Différentiation sexuelle :

Le mâle semble posséder un liseré jaune sur la partie postérieure de la nageoire dorsale.

La femelle est plus agressive que le mâle.

Ne pas se baser sur la bosse sur la tête qui est présente chez les deux sexes.

Au moment de la reproduction, la papille génitale de la femelle est très saillante, de 3 mm et dirigée vers l’avant.

Processus de reproduction :

C’est la femelle qui déclenche la reproduction. La parade est assez courte (30 minutes avant l’émission des premiers œufs). La femelle attire le mâle dans son territoire de ponte. Ce dernier est constitué d’un petit surplomb rocheux posé sur la zone sablonneuse. Dans tous les cas, le fond doit être une zone plate (sable ou roche, peu importe).

Site de ponte en milieu naturel à Isanga

Site de ponte en milieu naturel à Isanga.

La faille ou le surplomb sera juste assez grand pour que les deux partenaires puissent s’y glisser (3 cm de haut et d’une surface d’environ 15 * 10 cm de surface). La femelle nettoie rapidement le plafond de la grotte puis attire le mâle en se couchant devant la grotte et en frottant son corps sur le sable en de brèves et rapides secousses.

C’est ce signal qui est perçu par le mâle puisque tous les mâles présents dans la zone (qu’ils soient l’élu ou non de la femelle) rappliquent. Les deux poissons pénètrent alors sous la dalle et se retournent dos en bas pour coller ainsi leurs organes reproducteurs contre le plafond de la grotte. Ils se frottent l’un contre l’autre dans cette position inconfortable. Au bout de 15 à 20 minutes, les premiers œufs sont pondus par chapelets d’une vingtaine. Le mâle féconde les œufs en même temps que ces derniers sont émis par la femelle. Les œufs blancs, minuscules (environ 1 mm de diamètre) restent collés à la roche.

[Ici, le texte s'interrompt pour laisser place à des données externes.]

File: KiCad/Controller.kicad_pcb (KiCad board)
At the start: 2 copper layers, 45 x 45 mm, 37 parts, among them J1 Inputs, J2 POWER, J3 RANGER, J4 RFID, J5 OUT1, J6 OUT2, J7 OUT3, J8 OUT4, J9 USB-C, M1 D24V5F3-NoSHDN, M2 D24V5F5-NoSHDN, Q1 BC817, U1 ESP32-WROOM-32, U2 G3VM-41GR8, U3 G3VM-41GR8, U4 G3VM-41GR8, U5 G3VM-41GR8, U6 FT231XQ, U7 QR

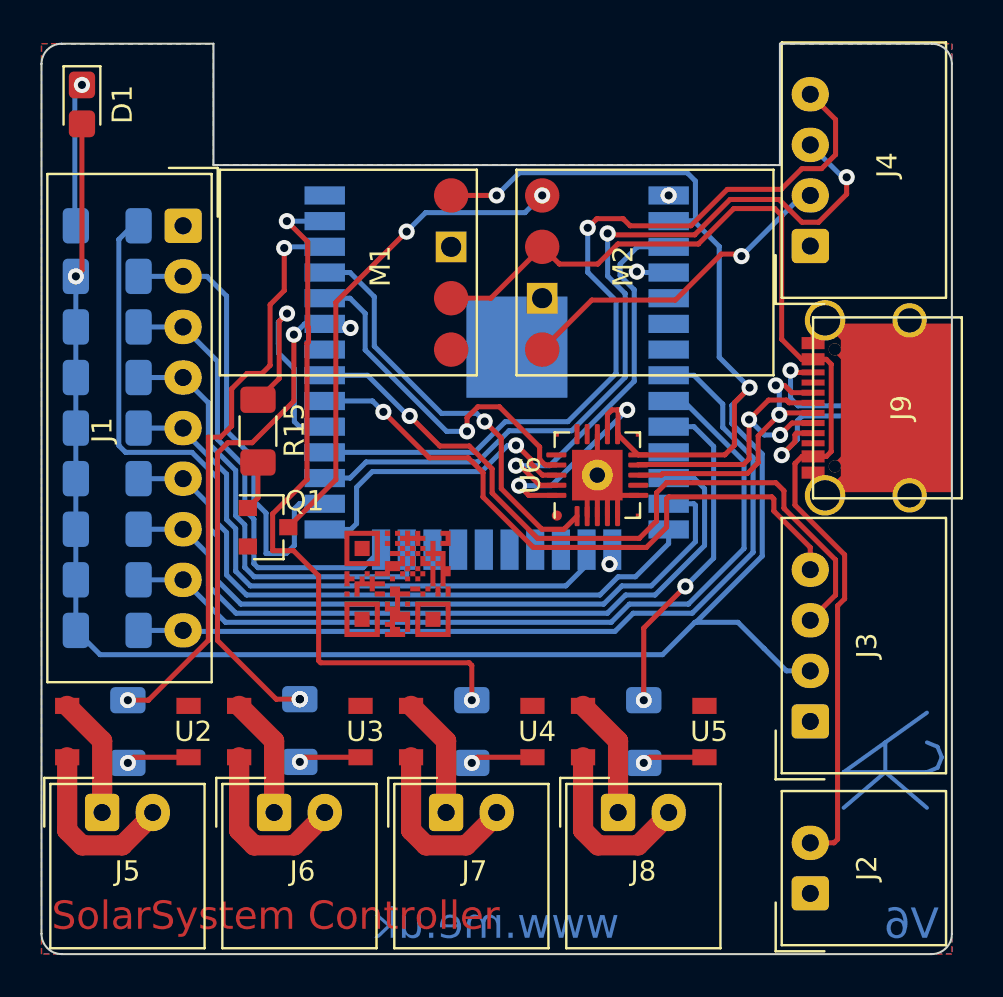
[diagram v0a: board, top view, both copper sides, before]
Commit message: Updated QR, and added 3D (not finished)
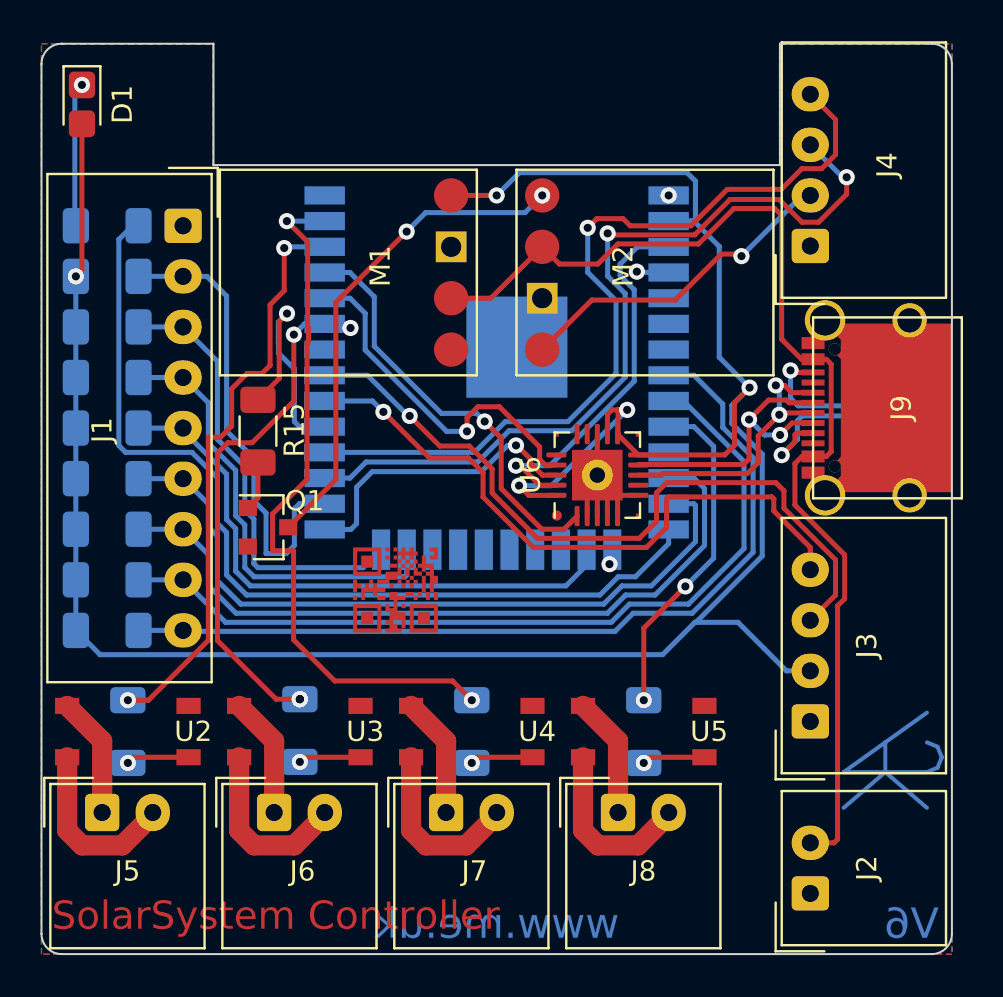
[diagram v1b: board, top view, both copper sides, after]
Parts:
- moved U7 0.32 mm to (67.5, 122.0)
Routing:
- net OUT3: track 35.7 -> 34.8 mm

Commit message: New regulator
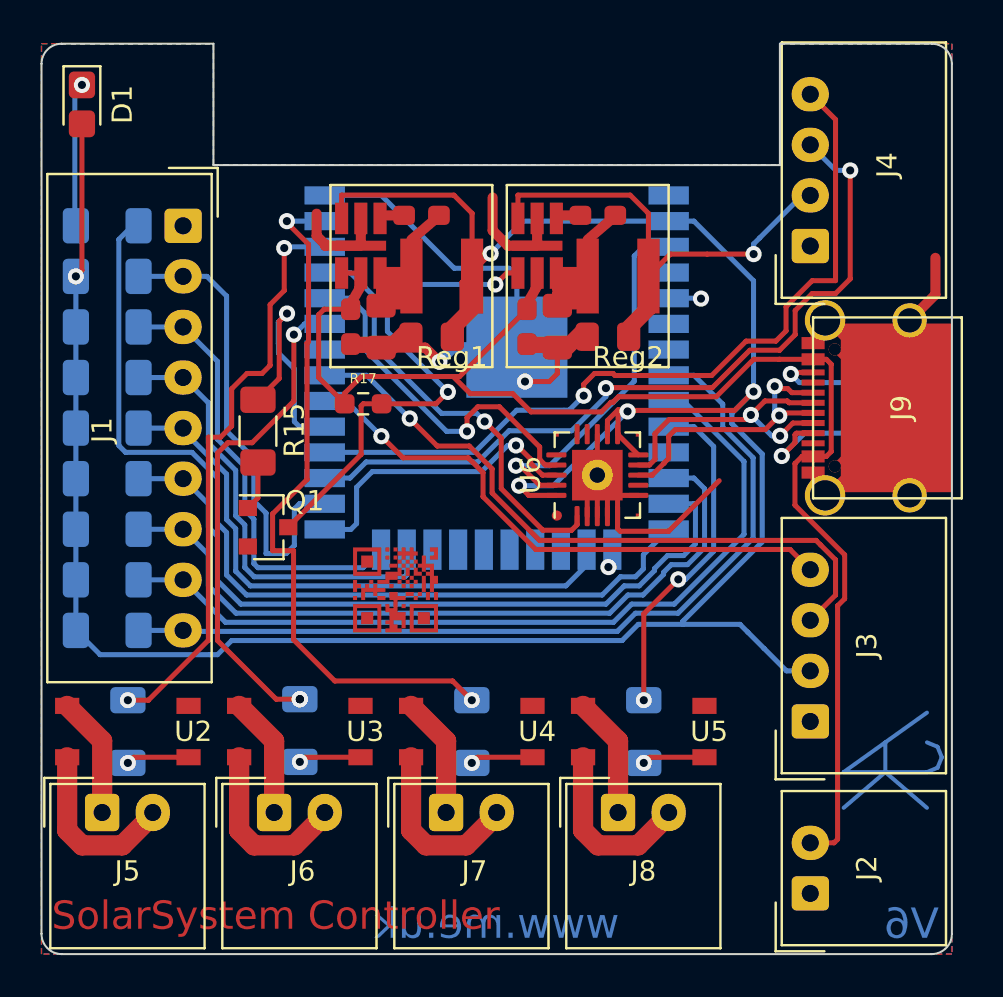
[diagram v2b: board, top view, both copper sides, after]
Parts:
- removed M1: D24V5F3-NoSHDN, RevK:D24V5F3-SMD-Like
- removed M2: D24V5F5-NoSHDN, RevK:D24V5F3-SMD-Like
- added R17: 100K, Resistor_SMD:R_0603_1608Metric_Pad0.98x0.95mm_HandSolder, F.Cu at (65.9, 112.8)
- added Reg1: Regulator, RevK:RegulatorBlock, F.Cu at (65.8, 105.0)
- added Reg2: Regulator, RevK:RegulatorBlock, F.Cu at (74.5, 105.0)
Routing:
- net GND: track 46.2 -> 100.5 mm, vias 3 -> 4
- net VBUS: track 55.6 -> 70.9 mm
- net SDA: track 32.0 -> 28.2 mm
- net SCL: track 36.8 -> 33.2 mm
- net +5V: track 16.5 -> 13.3 mm
- net +3V3: track 125.9 -> 123.1 mm
- net RFRX: track 41.3 -> 38.9 mm
- net Net-(J9-PadB5): track 7.07 -> 5.02 mm
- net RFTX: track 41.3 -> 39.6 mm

Le couple répète la scène pendant près d’une heure pour finalement tapisser le dessous de la dalle d’environ 200 à 300 œufs. Pendant que le couple est occupé à pondre, les autres mâles dominés viennent s’intercaler entre le mâle et la femelle afin de déposer leur sperme à la volée. Le mâle dominant intervient en chassant l’opportuniste, mais généralement, le mal est fait.

Ce comportement pirate a déjà été observé chez d’autres espèces du lac Tanganyika (Paracyprichromis brieni, Aulonocranus dewindti, Pseudosimochromis curvifrons et Simochromis diagramma) mais uniquement chez des incubateurs buccaux. Ce comportement, observé à chaque occasion chez ce pondeur sur substrat caché est donc une première à ma connaissance.

Comportement alimentaire :

A l’aide de ses pores céphaliques très développés, Neolamprologus christy cherche sa nourriture en “écoutant” le sable. Quand il entend un bruit, il souffle sur le sable à environ 2 cm de distance pour y capturer les larves d’insecte et autres petites crevettes (comme le L. callipterus).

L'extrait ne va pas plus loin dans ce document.